Within prompts, use Get Input actions to collect user information such as name, email, or booking details.

Step 4: Call workflow

Use the Call Workflow action to trigger backend logic. Workflows allow the agent to fetch or store data by integrating with APIs or databases to enable dynamic and automated conversations.

Step 5: Variables

Store user responses or fetched values in variables. These variables can be reused across the conversation for data handling.

Step 6: Test the Agent

Use Copilot or Test Suites to simulate user conversations. Verify how the agent responds, whether logic is working correctly, and if data integrations behave as expected.

Step 7: Preview and Deploy

Once the agent behavior is validated, save all configurations. The agent is now ready to be published on channels such as WhatsApp, Voice, and other channels.
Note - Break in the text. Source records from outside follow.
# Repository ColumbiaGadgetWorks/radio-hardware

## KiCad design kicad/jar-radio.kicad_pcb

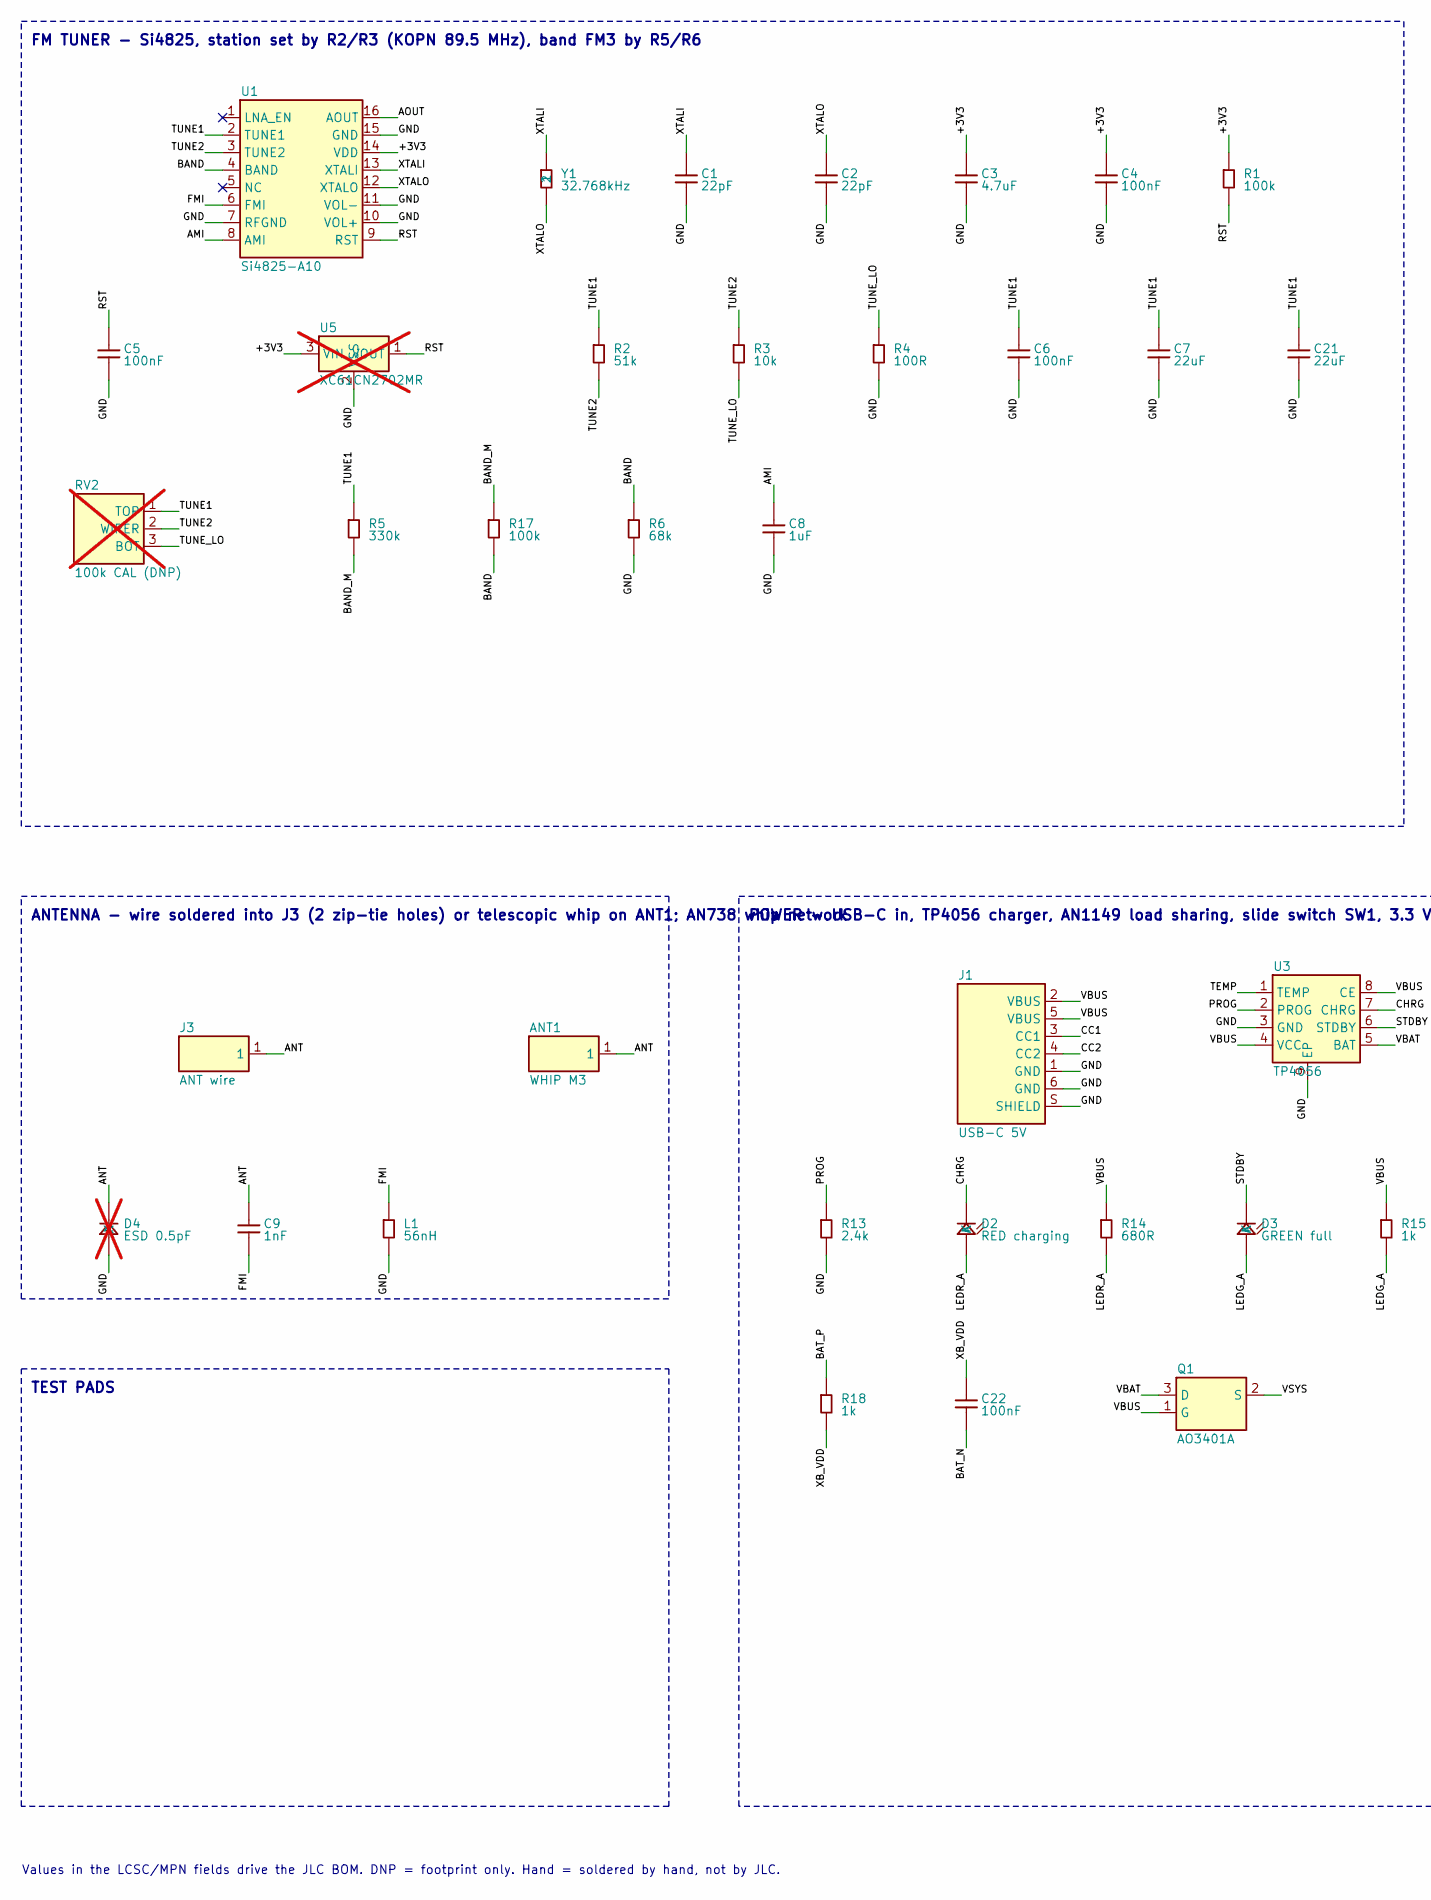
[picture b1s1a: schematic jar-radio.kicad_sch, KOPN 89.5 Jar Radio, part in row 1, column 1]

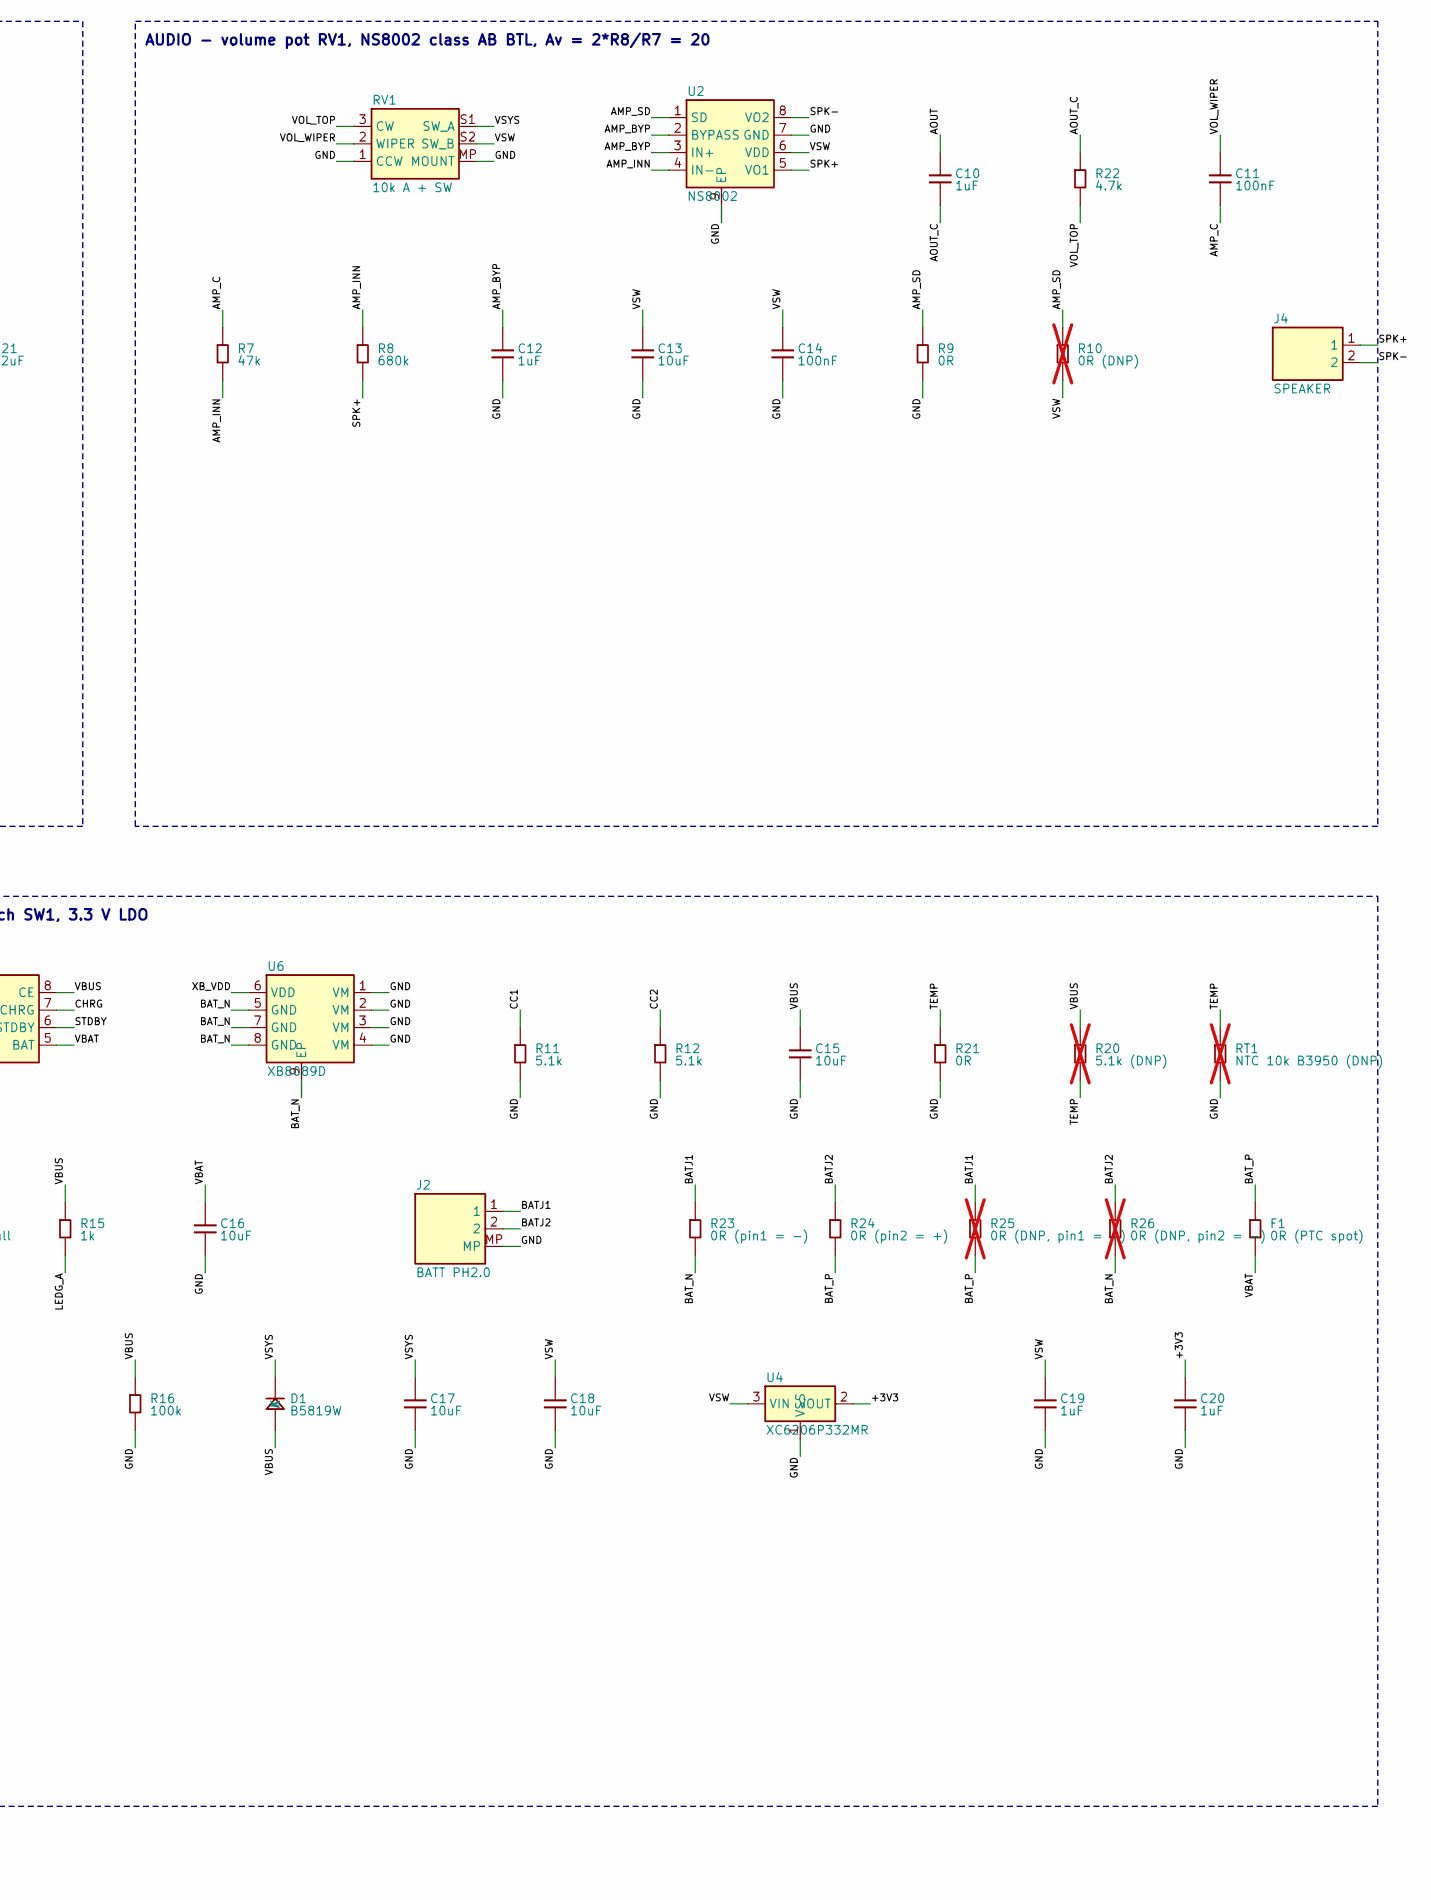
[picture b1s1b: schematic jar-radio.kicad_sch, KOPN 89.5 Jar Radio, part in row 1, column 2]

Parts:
ANT1: WHIP M3; Antenna_Telescopic_M3
C1, C2: 22pF; C_0603_1608Metric; MPN CL10C220JB8NNNC; LCSC C1653
C3: 4.7uF; C_0603_1608Metric; MPN CL10A475KO8NNNC; LCSC C19666
C4, C5, C6, C11, C14, C22: 100nF; C_0603_1608Metric; MPN CC0603KRX7R9BB104; LCSC C14663
C7, C21: 22uF; C_0603_1608Metric; MPN CL10A226MQ8NRNC; LCSC C59461
C8, C10, C12, C19, C20: 1uF; C_0603_1608Metric; MPN CL10A105KB8NNNC; LCSC C15849
C9: 1nF; C_0603_1608Metric; MPN CL10B102KB8NNNC; LCSC C1588
C13, C15, C16, C17, C18: 10uF; C_0603_1608Metric; MPN CL10A106KP8NNNC; LCSC C19702
D1: B5819W; D_SOD-123; MPN B5819W SL; LCSC C8598
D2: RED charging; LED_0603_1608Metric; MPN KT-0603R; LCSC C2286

Best practices for creating an Agent

Designing an Agent is important in the conversation, data handling, actions, and testing. Follow these best practices while creating agents:

  1. Define the purpose clearly

    • Identify the key goals the agent should achieve (example, booking, support, FAQs).
  2. Start with a Conversation design

    • Use the Start trigger to set user expectations with a clear welcome message.
    • Define prompts for common use cases with static and dynamic prompts.
    • Guide users step-by-step using friendly and conversational language.
  3. Use Prompts wisely

    • Use Static Prompts to display information without expecting input.
    • Use Get Input prompts to collect user data (name, email, phone, Location).
    • Keep prompts short and focused, avoid asking multiple questions in one message.
  4. Add Workflows for dynamic logic

    • Use Call Workflow actions to fetch or push data from/to APIs or databases.
    • Ensure workflows are modular and reusable across different agents or flows.
    • Handle API errors and add fallback responses
  5. Use Variables

    • Store user responses or API outputs in variables and reuse them across the conversation.
    • Personalize conversations using variables (example, "Hi {{user_name}}"").
    • Follow naming conventions (example, user_name, booking_id) to maintain clarity.